See No Evil Says SEC Throwing a Hail Mary ~ The Risk Averse Alert

Monday, April 19, 2010

See No Evil Says SEC Throwing a Hail Mary

This today from Barry James of James Investment Research...
In June and July of 1987 we also saw a 7 week market advance. In fact, I remember preparing our "Time for Caution" study in June. Back then, we got a similar response to our caution that many are having now. We know we aren’t right all the time, and even though that 1987 study was met with skepticism, we would have been more correct if we had written "A Time for Panic." Still, our balanced accounts fared well that year with double digit gains in spite of the market declining 40% in 40 days.

Why do we think it is still a time to avoid the current band wagon? First, insiders are selling at an alarming pace, about 25 shares for every share they purchase. Second, to quote Jason Zweig, "Investments don’t become more attractive after prices go up." Third, what good news there is, it is already out, be it earnings or economy. Fourth, enthusiasm is running too hot for our blood; the VIX was recently at levels seen at the market peak in 2007. In addition, the Put Call ratio and 76% bullish sentiment readings are better signs of a mania than a market bottom.
I don't know about "investments [not becoming] more attractive after prices go up." There is a case for disputing this point. Much depends on how strong hands are positioned.

Neither would I claim "what good news there is, it is already out, be it earnings or economy." On the earnings side many a financial firm and bank stand as living proof that, mud possesses greater transparency (allowing any fairy tale to be spun for the sake of sound appearances). Per economy, there is but one aspect that matters: private sector capacity to infinitely print money ... a power that lies frozen in the dead securitization market. Everything else "economy" built upon a foundation of grotesque leverage is but another functional fairy tale, wherein with one turn of the page awaits another nightmare. This was the lesson of 2008 whose story is not ended.

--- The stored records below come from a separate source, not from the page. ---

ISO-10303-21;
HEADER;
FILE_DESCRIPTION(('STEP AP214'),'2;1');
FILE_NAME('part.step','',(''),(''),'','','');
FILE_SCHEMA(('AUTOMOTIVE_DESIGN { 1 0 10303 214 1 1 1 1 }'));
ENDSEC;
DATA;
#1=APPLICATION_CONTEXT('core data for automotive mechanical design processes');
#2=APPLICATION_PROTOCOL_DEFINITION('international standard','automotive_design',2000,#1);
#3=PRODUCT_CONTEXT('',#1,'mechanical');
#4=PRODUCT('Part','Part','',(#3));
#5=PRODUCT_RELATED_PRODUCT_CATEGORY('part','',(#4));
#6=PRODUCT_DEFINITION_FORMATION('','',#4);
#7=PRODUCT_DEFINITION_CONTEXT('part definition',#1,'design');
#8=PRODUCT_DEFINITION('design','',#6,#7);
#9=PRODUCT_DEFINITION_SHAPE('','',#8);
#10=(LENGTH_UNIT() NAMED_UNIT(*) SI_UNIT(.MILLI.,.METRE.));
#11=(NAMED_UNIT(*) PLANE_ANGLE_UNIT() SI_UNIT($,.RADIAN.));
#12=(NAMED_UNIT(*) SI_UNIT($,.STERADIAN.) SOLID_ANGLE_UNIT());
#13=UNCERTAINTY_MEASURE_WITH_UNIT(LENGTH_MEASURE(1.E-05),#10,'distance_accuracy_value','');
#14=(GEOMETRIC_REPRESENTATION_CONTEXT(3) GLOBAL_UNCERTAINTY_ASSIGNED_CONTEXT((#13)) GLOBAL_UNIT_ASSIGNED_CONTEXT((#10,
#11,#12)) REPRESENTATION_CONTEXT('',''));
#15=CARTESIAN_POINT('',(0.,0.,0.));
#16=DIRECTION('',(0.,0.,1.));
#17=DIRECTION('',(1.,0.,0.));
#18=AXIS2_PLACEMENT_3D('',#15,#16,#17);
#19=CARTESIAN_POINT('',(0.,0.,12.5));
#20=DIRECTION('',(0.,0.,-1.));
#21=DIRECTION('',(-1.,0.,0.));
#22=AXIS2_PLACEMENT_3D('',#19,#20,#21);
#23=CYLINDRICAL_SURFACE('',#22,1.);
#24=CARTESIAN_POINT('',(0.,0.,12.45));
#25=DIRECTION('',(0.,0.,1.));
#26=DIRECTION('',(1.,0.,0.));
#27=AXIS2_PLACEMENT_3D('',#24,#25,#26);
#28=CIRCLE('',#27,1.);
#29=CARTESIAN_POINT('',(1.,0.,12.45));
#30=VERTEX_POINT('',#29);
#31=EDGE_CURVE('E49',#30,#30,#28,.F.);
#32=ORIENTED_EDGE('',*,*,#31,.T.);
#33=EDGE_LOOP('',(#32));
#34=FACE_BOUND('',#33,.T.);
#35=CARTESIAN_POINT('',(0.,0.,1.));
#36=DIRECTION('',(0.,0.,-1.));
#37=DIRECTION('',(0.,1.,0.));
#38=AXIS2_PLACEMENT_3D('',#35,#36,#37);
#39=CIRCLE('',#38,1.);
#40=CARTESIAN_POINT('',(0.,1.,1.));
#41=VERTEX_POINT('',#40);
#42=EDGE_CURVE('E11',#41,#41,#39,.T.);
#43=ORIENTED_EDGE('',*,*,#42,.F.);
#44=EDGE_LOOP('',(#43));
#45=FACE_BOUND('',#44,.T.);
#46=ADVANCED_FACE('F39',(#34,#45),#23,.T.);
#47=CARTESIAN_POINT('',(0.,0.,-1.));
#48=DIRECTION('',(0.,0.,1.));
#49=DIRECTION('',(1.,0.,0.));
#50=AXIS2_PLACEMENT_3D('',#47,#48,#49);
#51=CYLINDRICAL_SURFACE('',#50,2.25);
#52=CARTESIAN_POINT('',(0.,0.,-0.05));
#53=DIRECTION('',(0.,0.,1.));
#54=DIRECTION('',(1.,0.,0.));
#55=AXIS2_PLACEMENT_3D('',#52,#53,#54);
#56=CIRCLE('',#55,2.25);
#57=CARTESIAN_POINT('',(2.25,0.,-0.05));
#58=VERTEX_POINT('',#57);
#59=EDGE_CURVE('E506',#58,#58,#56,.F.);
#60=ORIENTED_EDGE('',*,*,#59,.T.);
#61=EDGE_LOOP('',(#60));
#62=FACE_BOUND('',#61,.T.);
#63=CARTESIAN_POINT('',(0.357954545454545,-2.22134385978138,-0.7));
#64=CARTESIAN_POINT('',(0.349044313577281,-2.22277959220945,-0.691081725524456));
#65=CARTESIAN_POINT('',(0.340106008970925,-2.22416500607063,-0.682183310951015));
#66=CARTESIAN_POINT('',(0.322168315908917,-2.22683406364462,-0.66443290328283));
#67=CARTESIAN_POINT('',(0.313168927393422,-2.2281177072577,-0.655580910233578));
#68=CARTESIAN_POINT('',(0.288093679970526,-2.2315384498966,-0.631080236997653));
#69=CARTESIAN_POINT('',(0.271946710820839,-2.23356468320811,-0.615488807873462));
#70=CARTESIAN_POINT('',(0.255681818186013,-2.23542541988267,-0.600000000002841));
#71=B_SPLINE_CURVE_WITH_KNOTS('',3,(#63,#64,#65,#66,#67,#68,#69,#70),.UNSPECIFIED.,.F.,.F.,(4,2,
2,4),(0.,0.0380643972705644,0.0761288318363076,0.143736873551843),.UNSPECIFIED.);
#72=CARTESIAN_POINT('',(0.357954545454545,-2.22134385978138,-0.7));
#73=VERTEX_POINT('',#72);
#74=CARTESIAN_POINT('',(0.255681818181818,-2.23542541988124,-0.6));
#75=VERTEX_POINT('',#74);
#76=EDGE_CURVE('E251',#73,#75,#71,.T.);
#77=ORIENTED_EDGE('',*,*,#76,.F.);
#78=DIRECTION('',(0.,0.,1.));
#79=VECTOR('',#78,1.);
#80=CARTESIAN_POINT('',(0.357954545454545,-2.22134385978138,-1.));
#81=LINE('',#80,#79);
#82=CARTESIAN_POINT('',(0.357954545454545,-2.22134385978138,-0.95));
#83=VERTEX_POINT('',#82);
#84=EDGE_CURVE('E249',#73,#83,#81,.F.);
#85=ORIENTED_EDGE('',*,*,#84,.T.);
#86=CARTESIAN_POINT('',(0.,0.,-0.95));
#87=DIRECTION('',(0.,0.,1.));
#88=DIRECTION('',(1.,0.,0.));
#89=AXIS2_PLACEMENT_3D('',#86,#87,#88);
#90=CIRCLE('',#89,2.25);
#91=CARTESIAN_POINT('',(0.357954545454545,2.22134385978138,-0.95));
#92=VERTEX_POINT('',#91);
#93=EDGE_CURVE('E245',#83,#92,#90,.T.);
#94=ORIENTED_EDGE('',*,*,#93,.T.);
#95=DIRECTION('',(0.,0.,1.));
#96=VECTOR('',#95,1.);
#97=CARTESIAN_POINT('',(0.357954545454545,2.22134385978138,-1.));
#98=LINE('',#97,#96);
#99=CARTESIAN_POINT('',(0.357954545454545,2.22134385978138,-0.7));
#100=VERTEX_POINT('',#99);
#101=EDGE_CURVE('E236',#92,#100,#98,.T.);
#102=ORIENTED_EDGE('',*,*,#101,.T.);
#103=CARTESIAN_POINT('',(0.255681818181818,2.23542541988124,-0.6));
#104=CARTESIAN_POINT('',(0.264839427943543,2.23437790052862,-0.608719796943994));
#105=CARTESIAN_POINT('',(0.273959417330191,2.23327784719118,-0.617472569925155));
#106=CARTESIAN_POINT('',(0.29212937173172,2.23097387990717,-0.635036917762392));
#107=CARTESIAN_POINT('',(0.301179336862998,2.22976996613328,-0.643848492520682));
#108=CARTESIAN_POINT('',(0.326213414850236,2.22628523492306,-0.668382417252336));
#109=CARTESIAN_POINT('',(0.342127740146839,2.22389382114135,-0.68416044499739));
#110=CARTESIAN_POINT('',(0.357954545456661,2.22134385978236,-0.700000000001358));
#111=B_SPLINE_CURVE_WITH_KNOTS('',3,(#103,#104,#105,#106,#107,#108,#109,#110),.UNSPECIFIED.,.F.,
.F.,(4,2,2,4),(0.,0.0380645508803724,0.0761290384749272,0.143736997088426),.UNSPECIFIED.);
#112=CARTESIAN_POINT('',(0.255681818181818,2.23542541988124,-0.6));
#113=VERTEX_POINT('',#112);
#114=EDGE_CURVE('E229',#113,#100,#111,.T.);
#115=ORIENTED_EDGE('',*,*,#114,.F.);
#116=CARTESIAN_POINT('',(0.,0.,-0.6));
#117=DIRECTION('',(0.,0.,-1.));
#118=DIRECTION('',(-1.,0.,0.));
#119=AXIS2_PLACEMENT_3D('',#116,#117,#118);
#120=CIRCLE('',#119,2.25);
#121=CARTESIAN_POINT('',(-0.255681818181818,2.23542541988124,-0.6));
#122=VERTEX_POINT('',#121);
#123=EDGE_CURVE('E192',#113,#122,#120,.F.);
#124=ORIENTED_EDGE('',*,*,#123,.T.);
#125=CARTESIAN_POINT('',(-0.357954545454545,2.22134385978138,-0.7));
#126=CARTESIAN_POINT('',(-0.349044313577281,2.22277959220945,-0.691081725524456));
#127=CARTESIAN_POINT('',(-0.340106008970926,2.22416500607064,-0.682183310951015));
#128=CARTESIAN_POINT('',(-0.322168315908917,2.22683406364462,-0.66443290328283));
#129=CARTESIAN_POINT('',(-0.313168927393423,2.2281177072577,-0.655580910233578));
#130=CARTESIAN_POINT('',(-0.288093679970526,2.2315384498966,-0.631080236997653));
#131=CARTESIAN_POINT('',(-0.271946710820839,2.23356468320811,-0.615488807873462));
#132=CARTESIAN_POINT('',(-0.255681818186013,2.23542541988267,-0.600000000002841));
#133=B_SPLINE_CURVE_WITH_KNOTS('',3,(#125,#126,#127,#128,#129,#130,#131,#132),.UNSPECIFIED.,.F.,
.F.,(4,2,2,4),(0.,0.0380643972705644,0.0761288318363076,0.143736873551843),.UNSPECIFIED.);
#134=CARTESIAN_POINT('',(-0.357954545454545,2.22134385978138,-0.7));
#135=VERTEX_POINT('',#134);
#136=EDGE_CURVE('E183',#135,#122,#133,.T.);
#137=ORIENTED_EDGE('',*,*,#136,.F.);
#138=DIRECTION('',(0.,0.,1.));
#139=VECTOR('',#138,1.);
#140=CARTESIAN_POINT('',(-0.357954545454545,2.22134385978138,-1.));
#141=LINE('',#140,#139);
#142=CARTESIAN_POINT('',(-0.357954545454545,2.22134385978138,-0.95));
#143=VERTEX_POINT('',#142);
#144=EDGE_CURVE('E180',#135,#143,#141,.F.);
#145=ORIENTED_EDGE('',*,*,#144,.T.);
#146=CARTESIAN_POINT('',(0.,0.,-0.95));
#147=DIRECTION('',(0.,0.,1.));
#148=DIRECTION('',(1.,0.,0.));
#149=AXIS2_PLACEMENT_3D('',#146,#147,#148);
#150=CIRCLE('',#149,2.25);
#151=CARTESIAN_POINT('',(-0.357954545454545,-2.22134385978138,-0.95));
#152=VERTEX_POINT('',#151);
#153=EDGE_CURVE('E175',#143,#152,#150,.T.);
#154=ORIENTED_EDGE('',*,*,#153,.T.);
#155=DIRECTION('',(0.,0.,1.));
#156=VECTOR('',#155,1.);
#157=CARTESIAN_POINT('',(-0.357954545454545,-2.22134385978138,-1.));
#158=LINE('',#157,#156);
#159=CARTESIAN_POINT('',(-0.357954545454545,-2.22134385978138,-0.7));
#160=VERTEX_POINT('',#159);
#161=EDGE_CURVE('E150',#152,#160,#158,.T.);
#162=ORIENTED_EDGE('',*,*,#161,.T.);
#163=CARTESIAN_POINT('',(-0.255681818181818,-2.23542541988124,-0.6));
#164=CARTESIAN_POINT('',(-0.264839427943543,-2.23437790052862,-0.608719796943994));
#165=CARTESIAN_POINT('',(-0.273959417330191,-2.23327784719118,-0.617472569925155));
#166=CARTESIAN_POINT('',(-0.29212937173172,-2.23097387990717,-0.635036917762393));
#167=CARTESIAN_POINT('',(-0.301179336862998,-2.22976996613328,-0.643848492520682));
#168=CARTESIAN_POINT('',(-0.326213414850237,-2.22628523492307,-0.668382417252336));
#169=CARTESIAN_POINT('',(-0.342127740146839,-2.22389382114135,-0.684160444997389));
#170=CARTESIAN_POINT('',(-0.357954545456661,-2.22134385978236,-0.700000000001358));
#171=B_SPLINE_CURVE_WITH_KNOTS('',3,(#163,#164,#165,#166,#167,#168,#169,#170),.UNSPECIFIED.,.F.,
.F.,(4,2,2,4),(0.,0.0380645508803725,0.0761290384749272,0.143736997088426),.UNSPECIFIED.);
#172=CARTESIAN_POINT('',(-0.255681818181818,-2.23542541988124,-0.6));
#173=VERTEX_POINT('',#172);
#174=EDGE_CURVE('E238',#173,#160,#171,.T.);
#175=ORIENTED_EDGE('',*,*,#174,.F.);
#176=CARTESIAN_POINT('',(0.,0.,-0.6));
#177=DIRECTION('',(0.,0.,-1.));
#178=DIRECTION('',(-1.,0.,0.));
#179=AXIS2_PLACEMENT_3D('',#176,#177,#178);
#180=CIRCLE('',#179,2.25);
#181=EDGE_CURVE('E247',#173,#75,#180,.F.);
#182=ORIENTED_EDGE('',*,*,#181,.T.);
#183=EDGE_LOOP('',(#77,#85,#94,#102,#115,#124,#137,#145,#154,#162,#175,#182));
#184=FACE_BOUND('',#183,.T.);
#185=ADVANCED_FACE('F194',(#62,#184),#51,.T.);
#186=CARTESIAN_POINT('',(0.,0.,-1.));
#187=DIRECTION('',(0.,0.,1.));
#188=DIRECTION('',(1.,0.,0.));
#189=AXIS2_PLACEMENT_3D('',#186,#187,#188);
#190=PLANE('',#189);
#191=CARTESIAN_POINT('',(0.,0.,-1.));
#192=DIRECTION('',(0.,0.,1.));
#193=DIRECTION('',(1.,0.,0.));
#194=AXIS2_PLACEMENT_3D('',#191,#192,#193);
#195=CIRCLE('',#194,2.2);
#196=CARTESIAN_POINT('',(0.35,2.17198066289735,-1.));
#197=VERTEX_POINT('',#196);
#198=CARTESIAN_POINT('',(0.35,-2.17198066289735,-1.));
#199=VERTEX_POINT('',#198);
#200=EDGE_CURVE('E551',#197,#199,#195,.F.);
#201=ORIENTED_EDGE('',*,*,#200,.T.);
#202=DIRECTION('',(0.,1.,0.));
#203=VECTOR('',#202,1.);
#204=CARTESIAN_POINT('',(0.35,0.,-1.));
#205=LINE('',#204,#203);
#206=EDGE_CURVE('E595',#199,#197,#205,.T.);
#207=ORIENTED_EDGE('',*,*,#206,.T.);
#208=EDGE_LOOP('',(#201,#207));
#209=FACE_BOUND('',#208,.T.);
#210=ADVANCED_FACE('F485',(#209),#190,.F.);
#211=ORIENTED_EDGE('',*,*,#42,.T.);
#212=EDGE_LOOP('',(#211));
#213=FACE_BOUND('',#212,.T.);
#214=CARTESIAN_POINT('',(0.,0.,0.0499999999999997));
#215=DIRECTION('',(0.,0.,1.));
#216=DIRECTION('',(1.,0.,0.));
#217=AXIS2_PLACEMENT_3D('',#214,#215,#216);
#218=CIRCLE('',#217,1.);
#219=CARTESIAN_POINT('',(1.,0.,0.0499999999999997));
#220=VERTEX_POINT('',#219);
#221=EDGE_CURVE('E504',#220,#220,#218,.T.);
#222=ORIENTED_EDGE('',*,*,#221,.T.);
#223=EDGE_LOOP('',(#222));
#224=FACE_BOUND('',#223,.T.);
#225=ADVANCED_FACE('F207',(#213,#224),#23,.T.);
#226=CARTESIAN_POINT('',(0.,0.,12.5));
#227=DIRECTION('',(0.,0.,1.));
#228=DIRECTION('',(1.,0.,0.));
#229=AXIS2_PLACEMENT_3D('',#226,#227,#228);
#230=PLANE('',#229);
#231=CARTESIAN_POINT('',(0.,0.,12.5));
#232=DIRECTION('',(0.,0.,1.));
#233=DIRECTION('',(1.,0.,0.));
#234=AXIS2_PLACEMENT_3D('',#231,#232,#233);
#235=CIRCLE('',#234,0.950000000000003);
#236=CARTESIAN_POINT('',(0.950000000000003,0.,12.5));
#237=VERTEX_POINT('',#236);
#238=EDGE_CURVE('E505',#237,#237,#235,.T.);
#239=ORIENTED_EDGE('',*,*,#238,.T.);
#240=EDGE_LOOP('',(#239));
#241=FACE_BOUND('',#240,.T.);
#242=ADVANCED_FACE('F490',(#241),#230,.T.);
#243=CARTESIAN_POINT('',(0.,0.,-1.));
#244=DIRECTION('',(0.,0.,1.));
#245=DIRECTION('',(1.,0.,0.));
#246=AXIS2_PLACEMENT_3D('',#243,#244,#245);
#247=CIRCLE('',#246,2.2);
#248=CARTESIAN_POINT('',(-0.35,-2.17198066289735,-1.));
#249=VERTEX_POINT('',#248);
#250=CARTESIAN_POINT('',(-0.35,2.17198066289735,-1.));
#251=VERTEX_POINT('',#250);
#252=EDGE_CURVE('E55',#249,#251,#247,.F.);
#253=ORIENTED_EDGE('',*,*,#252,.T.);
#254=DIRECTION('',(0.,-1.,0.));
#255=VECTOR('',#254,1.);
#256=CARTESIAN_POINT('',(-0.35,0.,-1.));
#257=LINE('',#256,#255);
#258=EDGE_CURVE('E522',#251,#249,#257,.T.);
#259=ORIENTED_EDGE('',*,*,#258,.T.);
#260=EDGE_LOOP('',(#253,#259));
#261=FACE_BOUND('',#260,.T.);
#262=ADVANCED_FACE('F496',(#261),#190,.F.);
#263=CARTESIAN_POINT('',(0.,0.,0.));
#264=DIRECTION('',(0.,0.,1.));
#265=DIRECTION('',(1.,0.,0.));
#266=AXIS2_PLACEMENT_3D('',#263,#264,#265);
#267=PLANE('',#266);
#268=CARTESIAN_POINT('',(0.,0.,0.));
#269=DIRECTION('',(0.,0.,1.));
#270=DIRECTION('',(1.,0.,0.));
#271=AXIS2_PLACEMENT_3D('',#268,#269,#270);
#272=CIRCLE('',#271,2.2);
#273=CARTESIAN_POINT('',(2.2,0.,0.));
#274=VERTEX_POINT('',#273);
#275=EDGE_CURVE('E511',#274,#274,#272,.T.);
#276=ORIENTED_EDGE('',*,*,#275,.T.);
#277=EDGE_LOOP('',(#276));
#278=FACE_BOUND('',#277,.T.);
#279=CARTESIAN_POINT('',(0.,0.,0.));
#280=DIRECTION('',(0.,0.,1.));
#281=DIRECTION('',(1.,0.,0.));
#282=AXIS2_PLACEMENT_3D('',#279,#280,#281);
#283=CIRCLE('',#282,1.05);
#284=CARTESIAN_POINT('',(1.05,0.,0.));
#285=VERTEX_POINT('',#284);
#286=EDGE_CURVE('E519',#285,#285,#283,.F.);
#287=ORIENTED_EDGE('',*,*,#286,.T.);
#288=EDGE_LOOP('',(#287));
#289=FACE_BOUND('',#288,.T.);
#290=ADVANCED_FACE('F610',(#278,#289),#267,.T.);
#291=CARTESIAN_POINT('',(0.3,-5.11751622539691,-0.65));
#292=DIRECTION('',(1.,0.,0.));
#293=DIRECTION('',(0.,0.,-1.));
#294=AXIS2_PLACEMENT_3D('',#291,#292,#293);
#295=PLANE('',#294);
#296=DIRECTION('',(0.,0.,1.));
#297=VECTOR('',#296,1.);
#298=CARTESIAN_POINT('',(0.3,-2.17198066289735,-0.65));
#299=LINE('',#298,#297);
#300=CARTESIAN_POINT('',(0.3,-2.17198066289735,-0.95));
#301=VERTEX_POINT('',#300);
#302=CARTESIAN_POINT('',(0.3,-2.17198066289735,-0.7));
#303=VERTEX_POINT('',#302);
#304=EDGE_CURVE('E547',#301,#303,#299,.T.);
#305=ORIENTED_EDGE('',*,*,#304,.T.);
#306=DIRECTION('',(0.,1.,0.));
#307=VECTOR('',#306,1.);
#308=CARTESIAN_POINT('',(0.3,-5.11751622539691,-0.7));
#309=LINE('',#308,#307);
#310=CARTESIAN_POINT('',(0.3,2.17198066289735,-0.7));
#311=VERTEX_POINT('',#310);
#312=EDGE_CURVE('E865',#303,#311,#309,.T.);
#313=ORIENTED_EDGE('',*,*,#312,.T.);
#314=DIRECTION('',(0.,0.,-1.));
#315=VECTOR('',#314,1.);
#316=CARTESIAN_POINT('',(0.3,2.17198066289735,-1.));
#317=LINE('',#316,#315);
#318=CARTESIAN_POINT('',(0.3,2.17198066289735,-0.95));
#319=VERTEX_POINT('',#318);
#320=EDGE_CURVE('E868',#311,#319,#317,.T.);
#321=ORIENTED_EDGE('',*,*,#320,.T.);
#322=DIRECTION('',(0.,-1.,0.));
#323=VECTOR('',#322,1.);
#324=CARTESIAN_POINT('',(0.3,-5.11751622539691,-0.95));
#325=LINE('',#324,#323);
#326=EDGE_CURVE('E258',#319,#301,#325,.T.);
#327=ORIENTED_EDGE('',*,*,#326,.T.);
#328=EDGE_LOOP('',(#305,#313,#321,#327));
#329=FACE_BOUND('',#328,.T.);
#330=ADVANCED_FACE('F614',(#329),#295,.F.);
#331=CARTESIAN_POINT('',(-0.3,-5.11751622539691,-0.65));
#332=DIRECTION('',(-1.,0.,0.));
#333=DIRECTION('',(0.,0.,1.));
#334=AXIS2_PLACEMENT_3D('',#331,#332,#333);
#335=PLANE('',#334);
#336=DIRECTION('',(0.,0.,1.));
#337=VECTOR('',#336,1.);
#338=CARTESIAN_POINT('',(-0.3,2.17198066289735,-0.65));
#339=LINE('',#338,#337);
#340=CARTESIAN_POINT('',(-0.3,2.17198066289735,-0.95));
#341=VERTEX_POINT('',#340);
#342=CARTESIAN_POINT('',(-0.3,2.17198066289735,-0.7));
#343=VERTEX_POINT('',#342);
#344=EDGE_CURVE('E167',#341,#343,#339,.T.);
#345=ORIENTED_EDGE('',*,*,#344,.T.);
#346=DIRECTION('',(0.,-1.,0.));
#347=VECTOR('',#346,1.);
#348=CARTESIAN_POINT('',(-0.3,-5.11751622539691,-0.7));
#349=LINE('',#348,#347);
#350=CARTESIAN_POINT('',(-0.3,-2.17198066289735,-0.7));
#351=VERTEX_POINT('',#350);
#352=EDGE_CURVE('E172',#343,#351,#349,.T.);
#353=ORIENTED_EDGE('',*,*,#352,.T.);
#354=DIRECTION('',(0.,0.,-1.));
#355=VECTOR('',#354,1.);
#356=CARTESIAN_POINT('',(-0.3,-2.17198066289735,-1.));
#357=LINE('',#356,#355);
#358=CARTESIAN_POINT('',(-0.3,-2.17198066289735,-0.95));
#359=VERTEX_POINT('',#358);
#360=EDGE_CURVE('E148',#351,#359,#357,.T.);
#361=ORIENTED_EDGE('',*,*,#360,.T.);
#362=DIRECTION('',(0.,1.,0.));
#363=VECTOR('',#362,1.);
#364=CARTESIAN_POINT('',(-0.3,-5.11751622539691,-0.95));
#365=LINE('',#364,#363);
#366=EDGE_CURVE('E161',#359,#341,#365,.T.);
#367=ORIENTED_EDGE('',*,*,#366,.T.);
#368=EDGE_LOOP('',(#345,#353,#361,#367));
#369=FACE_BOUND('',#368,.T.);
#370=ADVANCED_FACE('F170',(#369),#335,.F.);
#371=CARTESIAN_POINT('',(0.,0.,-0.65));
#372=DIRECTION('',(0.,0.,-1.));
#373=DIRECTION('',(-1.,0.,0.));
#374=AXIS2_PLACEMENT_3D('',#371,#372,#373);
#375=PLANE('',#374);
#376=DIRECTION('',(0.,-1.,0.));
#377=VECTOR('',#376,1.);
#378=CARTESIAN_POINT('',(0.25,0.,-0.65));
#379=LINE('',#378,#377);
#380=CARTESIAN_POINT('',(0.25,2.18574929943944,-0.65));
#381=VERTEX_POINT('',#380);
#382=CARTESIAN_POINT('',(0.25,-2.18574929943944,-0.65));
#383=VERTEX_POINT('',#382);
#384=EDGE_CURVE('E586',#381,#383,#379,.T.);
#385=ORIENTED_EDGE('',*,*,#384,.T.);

The bear case stands on a dysfunctional credit system existing atop a collapsed physical economy. Who better than insiders would understand the practical consequences of this condition?

Yet in keeping with a fairy tale theme are suggestions the SEC is throwing up a "Hail Mary" in leveling charges of fraud against Goldman Sachs. "See no evil" strikes again, cultivating a climate conducive to offloading more dead equity. Sly dogs.

SPX 5-min

So, in light of a relatively subdued performance in all things widely-held (in particular those components of the Dow Jones Industrials) ... performance of broader indexes (like the S&P 500) compel a view suggesting but a first wave of five waves down unfolded over the past three days.

This presents no meaningful change to the Elliott view presented Friday. A fourth wave (complex in form and with a downward bias, alternating in complexity and bias from the second wave) of five waves up from early-February bottom is seen unfolding. The still ongoing counter-trend rally off March '09 bottom could endure for some few-to-several weeks more, it appears.